Four basement related coefficients were returned as significant in our model, indicating that it is an important predictor of sale price. To analyze from a home renovator’s perspective, we decided to take a closer look at basement finish type. From the box plot one can see that having no basement generally showed lower sales prices.
However, following that, one unit upgrades in your basement finish don’t show much of a change in price until you get to the last type, good living quarters. Due to this, we would advise our clients that it might not be worth your while to upgrade the basement in terms of improving sale price unless you are able to get it up to those good living quarters standards.
With the added dimension of total basement square footage--another significant variable in our model--this interesting visualization of Ames overall displays that the houses with the highest listed sale price had the largest total basement square footage and were generally all up to good living quarter standards.

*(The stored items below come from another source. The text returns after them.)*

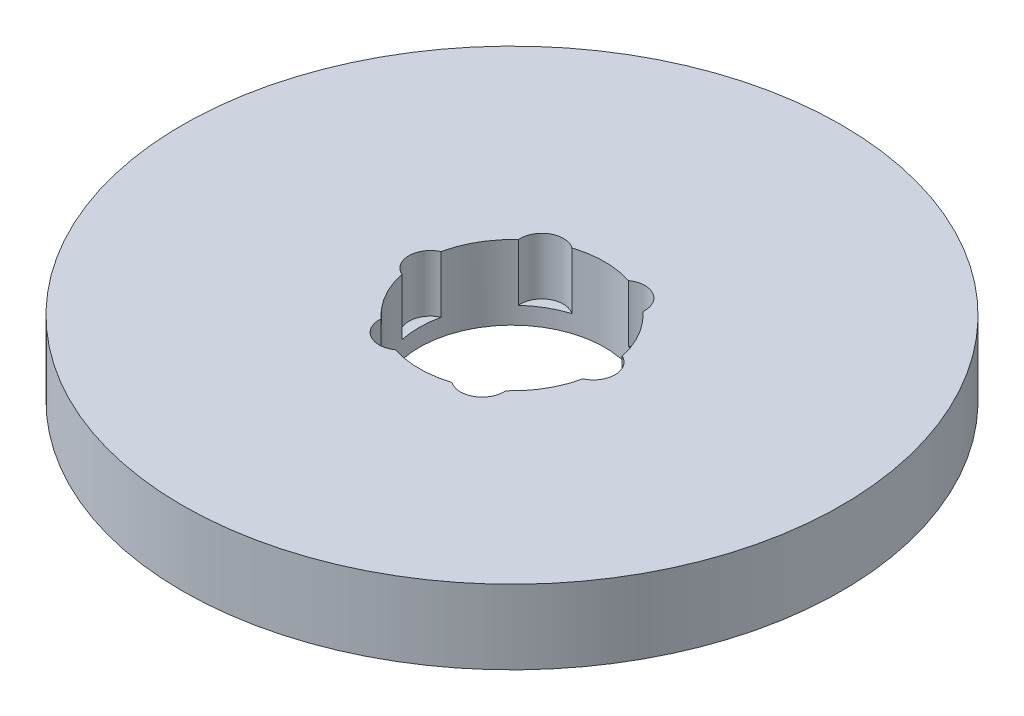
ISO-10303-21;
HEADER;
FILE_DESCRIPTION(('STEP AP214'),'2;1');
FILE_NAME('part.step','',(''),(''),'','','');
FILE_SCHEMA(('AUTOMOTIVE_DESIGN { 1 0 10303 214 1 1 1 1 }'));
ENDSEC;
DATA;
#1=APPLICATION_CONTEXT('core data for automotive mechanical design processes');
#2=APPLICATION_PROTOCOL_DEFINITION('international standard','automotive_design',2000,#1);
#3=PRODUCT_CONTEXT('',#1,'mechanical');
#4=PRODUCT('Part','Part','',(#3));
#5=PRODUCT_RELATED_PRODUCT_CATEGORY('part','',(#4));
#6=PRODUCT_DEFINITION_FORMATION('','',#4);
#7=PRODUCT_DEFINITION_CONTEXT('part definition',#1,'design');
#8=PRODUCT_DEFINITION('design','',#6,#7);
#9=PRODUCT_DEFINITION_SHAPE('','',#8);
#10=(LENGTH_UNIT() NAMED_UNIT(*) SI_UNIT(.MILLI.,.METRE.));
#11=(NAMED_UNIT(*) PLANE_ANGLE_UNIT() SI_UNIT($,.RADIAN.));
#12=(NAMED_UNIT(*) SI_UNIT($,.STERADIAN.) SOLID_ANGLE_UNIT());
#13=UNCERTAINTY_MEASURE_WITH_UNIT(LENGTH_MEASURE(1.E-05),#10,'distance_accuracy_value','');
#14=(GEOMETRIC_REPRESENTATION_CONTEXT(3) GLOBAL_UNCERTAINTY_ASSIGNED_CONTEXT((#13)) GLOBAL_UNIT_ASSIGNED_CONTEXT((#10,
#11,#12)) REPRESENTATION_CONTEXT('',''));
#15=CARTESIAN_POINT('',(0.,0.,0.));
#16=DIRECTION('',(0.,0.,1.));
#17=DIRECTION('',(1.,0.,0.));
#18=AXIS2_PLACEMENT_3D('',#15,#16,#17);
#19=CARTESIAN_POINT('',(0.,18.,0.));
#20=DIRECTION('',(0.,-1.,0.));
#21=DIRECTION('',(0.,0.,-1.));
#22=AXIS2_PLACEMENT_3D('',#19,#20,#21);
#23=CYLINDRICAL_SURFACE('',#22,80.);
#24=CARTESIAN_POINT('',(0.,18.,0.));
#25=DIRECTION('',(0.,1.,0.));
#26=DIRECTION('',(0.,0.,1.));
#27=AXIS2_PLACEMENT_3D('',#24,#25,#26);
#28=CIRCLE('',#27,80.);
#29=CARTESIAN_POINT('',(0.,18.,80.));
#30=VERTEX_POINT('',#29);
#31=EDGE_CURVE('E162',#30,#30,#28,.T.);
#32=ORIENTED_EDGE('',*,*,#31,.F.);
#33=EDGE_LOOP('',(#32));
#34=FACE_BOUND('',#33,.T.);
#35=CARTESIAN_POINT('',(0.,0.,0.));
#36=DIRECTION('',(0.,1.,0.));
#37=DIRECTION('',(0.,0.,1.));
#38=AXIS2_PLACEMENT_3D('',#35,#36,#37);
#39=CIRCLE('',#38,80.);
#40=CARTESIAN_POINT('',(0.,0.,80.));
#41=VERTEX_POINT('',#40);
#42=EDGE_CURVE('E157',#41,#41,#39,.T.);
#43=ORIENTED_EDGE('',*,*,#42,.T.);
#44=EDGE_LOOP('',(#43));
#45=FACE_BOUND('',#44,.T.);
#46=ADVANCED_FACE('F39',(#34,#45),#23,.T.);
#47=CARTESIAN_POINT('',(0.,18.,0.));
#48=DIRECTION('',(0.,1.,0.));
#49=DIRECTION('',(0.,0.,1.));
#50=AXIS2_PLACEMENT_3D('',#47,#48,#49);
#51=PLANE('',#50);
#52=CARTESIAN_POINT('',(-9.88576578177783,18.,-17.1226486057646));
#53=DIRECTION('',(0.,1.,0.));
#54=DIRECTION('',(-0.866025403784433,0.,0.50000000000001));
#55=AXIS2_PLACEMENT_3D('',#52,#53,#54);
#56=CIRCLE('',#55,5.25857324103569);
#57=CARTESIAN_POINT('',(-6.86511004216114,18.,-21.4270918257476));
#58=VERTEX_POINT('',#57);
#59=CARTESIAN_POINT('',(-15.1238508292391,18.,-16.6589056091606));
#60=VERTEX_POINT('',#59);
#61=EDGE_CURVE('E218',#58,#60,#56,.T.);
#62=ORIENTED_EDGE('',*,*,#61,.F.);
#63=CARTESIAN_POINT('',(0.,18.,0.));
#64=DIRECTION('',(0.,1.,0.));
#65=DIRECTION('',(0.,0.,1.));
#66=AXIS2_PLACEMENT_3D('',#63,#64,#65);
#67=CIRCLE('',#66,22.5);
#68=CARTESIAN_POINT('',(6.8651100421607,18.,-21.4270918257477));
#69=VERTEX_POINT('',#68);
#70=EDGE_CURVE('E169',#69,#58,#67,.T.);
#71=ORIENTED_EDGE('',*,*,#70,.F.);
#72=CARTESIAN_POINT('',(9.88576578177747,18.,-17.1226486057648));
#73=DIRECTION('',(0.,1.,0.));
#74=DIRECTION('',(-0.866025403784443,0.,-0.499999999999992));
#75=AXIS2_PLACEMENT_3D('',#72,#73,#74);
#76=CIRCLE('',#75,5.25857324103569);
#77=CARTESIAN_POINT('',(15.1238508292388,18.,-16.658905609161));
#78=VERTEX_POINT('',#77);
#79=EDGE_CURVE('E285',#78,#69,#76,.T.);
#80=ORIENTED_EDGE('',*,*,#79,.F.);
#81=CARTESIAN_POINT('',(21.9889608713998,18.,-4.76818621658683));
#82=VERTEX_POINT('',#81);
#83=EDGE_CURVE('E174',#82,#78,#67,.T.);
#84=ORIENTED_EDGE('',*,*,#83,.F.);
#85=CARTESIAN_POINT('',(19.7715315635553,18.,0.));
#86=DIRECTION('',(0.,1.,0.));
#87=DIRECTION('',(0.,0.,-1.));
#88=AXIS2_PLACEMENT_3D('',#85,#86,#87);
#89=CIRCLE('',#88,5.25857324103569);
#90=CARTESIAN_POINT('',(21.9889608713998,18.,4.76818621658683));
#91=VERTEX_POINT('',#90);
#92=EDGE_CURVE('E280',#91,#82,#89,.T.);
#93=ORIENTED_EDGE('',*,*,#92,.F.);
#94=CARTESIAN_POINT('',(15.123850829239,18.,16.6589056091607));
#95=VERTEX_POINT('',#94);
#96=EDGE_CURVE('E164',#95,#91,#67,.T.);
#97=ORIENTED_EDGE('',*,*,#96,.F.);
#98=CARTESIAN_POINT('',(9.88576578177771,18.,17.1226486057647));
#99=DIRECTION('',(0.,1.,0.));
#100=DIRECTION('',(0.866025403784436,0.,-0.500000000000004));
#101=AXIS2_PLACEMENT_3D('',#98,#99,#100);
#102=CIRCLE('',#101,5.25857324103569);
#103=CARTESIAN_POINT('',(6.86511004216099,18.,21.4270918257476));
#104=VERTEX_POINT('',#103);
#105=EDGE_CURVE('E269',#104,#95,#102,.T.);
#106=ORIENTED_EDGE('',*,*,#105,.F.);
#107=CARTESIAN_POINT('',(-6.86511004216084,18.,21.4270918257477));
#108=VERTEX_POINT('',#107);
#109=EDGE_CURVE('E149',#108,#104,#67,.T.);
#110=ORIENTED_EDGE('',*,*,#109,.F.);
#111=CARTESIAN_POINT('',(-9.88576578177759,18.,17.1226486057647));
#112=DIRECTION('',(0.,1.,0.));
#113=DIRECTION('',(0.86602540378444,0.,0.499999999999998));
#114=AXIS2_PLACEMENT_3D('',#111,#112,#113);
#115=CIRCLE('',#114,5.25857324103569);
#116=CARTESIAN_POINT('',(-15.1238508292389,18.,16.6589056091609));
#117=VERTEX_POINT('',#116);
#118=EDGE_CURVE('E128',#117,#108,#115,.T.);
#119=ORIENTED_EDGE('',*,*,#118,.F.);
#120=CARTESIAN_POINT('',(-21.9889608713998,18.,4.76818621658683));
#121=VERTEX_POINT('',#120);
#122=EDGE_CURVE('E148',#121,#117,#67,.T.);
#123=ORIENTED_EDGE('',*,*,#122,.F.);
#124=CARTESIAN_POINT('',(-19.7715315635553,18.,0.));
#125=DIRECTION('',(0.,1.,0.));
#126=DIRECTION('',(0.,0.,1.));
#127=AXIS2_PLACEMENT_3D('',#124,#125,#126);
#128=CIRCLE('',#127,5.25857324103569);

In our assessment of garage size and its effect on home price, we found a positive correlation attributing to approximately 2.23% to home value for each increase in the size--measured in the number of cars that can fit in the garage. An interesting trend to note here is that the positive correlation peaks at 3-car garages.
We can deduce that the decline in value of 4 or 5-car garages is due to the decrease in lot area of those same sizes, as presented on the second graph. The lot area plays a significant role in the home price, and its effect can be felt in the homes with 4 or 5-car garages.
As home renovation consultants, while we cannot recommend our clients to build out more garages, we can recommend our clients to improve the finish of the garage. As displayed in the boxplot below, clients would see a consistent return on investment, as they upgrade from unfinished, semi-finished, to finished garages.
In the creation of our predictive housing price model, we identified the features that had the biggest effect on sales price through various machine learning models and hyperparameter-tuning methods. As home renovation consultants, we further focused features we can recommend addressing with our clients: Curb appeal, HVAC, and qualities of kitchens, basements, and garages.
Further works to expand this project, would focus on more models and hyperparameter-tuning techniques. As home renovation consultants, we would also aim to explore more feature engineering to expand our renovation recommendations to our clients.